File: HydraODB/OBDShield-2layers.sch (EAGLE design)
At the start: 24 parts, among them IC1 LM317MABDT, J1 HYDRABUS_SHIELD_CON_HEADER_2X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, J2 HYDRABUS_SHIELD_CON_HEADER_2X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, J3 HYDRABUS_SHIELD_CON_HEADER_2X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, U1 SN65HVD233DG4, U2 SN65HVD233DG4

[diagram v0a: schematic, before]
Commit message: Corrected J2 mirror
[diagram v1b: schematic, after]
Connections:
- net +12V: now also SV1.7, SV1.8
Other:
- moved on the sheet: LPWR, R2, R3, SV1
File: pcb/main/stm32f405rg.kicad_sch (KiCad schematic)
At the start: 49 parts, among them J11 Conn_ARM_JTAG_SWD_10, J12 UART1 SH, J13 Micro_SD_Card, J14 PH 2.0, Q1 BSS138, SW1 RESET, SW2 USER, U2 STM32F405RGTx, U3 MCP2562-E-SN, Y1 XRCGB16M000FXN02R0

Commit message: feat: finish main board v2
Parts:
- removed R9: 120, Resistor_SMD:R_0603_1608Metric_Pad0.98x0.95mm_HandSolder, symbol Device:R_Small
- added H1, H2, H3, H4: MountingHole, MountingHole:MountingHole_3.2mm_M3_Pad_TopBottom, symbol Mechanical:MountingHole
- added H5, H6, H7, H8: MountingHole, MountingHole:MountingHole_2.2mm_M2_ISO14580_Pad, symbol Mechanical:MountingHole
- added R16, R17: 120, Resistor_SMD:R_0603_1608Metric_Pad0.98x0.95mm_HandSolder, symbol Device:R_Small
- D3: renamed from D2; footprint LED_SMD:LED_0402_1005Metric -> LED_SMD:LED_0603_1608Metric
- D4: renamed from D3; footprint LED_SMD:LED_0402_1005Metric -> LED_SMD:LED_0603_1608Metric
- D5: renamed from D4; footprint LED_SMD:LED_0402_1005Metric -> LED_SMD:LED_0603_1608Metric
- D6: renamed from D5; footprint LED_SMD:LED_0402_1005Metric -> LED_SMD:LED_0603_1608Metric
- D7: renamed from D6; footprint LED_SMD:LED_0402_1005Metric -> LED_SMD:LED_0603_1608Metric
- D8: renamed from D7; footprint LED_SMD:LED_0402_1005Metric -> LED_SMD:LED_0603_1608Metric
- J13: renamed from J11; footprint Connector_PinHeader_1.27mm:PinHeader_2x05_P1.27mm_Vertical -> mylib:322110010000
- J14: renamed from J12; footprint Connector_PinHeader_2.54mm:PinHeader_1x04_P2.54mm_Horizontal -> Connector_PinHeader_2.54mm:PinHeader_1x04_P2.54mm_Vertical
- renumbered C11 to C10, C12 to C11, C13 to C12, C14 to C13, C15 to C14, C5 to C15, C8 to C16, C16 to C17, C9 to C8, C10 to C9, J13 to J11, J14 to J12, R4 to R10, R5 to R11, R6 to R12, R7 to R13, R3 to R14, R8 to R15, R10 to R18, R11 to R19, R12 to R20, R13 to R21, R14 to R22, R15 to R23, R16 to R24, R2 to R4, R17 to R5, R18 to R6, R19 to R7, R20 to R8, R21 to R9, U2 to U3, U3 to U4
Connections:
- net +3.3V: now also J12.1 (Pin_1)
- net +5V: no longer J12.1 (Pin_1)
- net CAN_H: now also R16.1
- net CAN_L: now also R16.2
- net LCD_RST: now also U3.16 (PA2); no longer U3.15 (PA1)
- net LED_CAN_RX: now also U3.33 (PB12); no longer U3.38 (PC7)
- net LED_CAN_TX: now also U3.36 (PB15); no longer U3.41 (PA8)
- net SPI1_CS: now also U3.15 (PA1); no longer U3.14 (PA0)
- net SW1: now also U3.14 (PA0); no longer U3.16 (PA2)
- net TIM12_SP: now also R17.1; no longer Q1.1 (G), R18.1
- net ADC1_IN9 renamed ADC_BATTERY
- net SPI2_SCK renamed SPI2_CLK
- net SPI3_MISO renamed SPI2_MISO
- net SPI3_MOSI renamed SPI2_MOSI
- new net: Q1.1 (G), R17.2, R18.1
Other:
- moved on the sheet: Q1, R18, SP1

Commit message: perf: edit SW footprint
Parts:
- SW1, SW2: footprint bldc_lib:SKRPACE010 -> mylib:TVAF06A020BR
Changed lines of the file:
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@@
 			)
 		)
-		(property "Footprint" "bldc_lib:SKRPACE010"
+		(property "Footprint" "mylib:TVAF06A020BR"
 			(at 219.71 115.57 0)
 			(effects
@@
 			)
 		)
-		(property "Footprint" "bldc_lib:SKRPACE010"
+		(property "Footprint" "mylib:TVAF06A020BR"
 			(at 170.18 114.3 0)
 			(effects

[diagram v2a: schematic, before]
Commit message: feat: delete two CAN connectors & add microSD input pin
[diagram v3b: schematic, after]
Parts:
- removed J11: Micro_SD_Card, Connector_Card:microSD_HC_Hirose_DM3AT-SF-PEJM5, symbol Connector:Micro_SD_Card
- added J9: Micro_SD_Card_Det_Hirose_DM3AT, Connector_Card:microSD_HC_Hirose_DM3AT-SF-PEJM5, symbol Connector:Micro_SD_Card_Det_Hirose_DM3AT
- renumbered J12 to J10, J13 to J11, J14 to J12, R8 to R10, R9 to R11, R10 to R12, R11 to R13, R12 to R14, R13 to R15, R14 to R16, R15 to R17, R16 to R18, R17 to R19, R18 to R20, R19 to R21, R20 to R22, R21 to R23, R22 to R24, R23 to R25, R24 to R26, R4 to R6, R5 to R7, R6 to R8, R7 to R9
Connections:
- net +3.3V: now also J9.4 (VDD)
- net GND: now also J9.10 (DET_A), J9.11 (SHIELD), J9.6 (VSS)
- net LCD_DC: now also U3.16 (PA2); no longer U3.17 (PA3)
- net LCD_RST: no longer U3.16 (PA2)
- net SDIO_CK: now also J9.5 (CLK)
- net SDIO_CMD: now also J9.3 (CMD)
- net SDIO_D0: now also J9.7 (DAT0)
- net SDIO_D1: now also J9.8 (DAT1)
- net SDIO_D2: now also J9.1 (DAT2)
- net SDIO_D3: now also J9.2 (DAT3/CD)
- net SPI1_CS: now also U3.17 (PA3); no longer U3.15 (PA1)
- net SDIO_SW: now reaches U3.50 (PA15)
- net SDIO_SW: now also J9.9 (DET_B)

######

#### Your instructions
The lines to report are those in the material above that contain the word "added"; copy every one of them.

#### The completed task
- added H1, H2, H3, H4: MountingHole, MountingHole:MountingHole_3.2mm_M3_Pad_TopBottom, symbol Mechanical:MountingHole
- added H5, H6, H7, H8: MountingHole, MountingHole:MountingHole_2.2mm_M2_ISO14580_Pad, symbol Mechanical:MountingHole
- added R16, R17: 120, Resistor_SMD:R_0603_1608Metric_Pad0.98x0.95mm_HandSolder, symbol Device:R_Small
- added J9: Micro_SD_Card_Det_Hirose_DM3AT, Connector_Card:microSD_HC_Hirose_DM3AT-SF-PEJM5, symbol Connector:Micro_SD_Card_Det_Hirose_DM3AT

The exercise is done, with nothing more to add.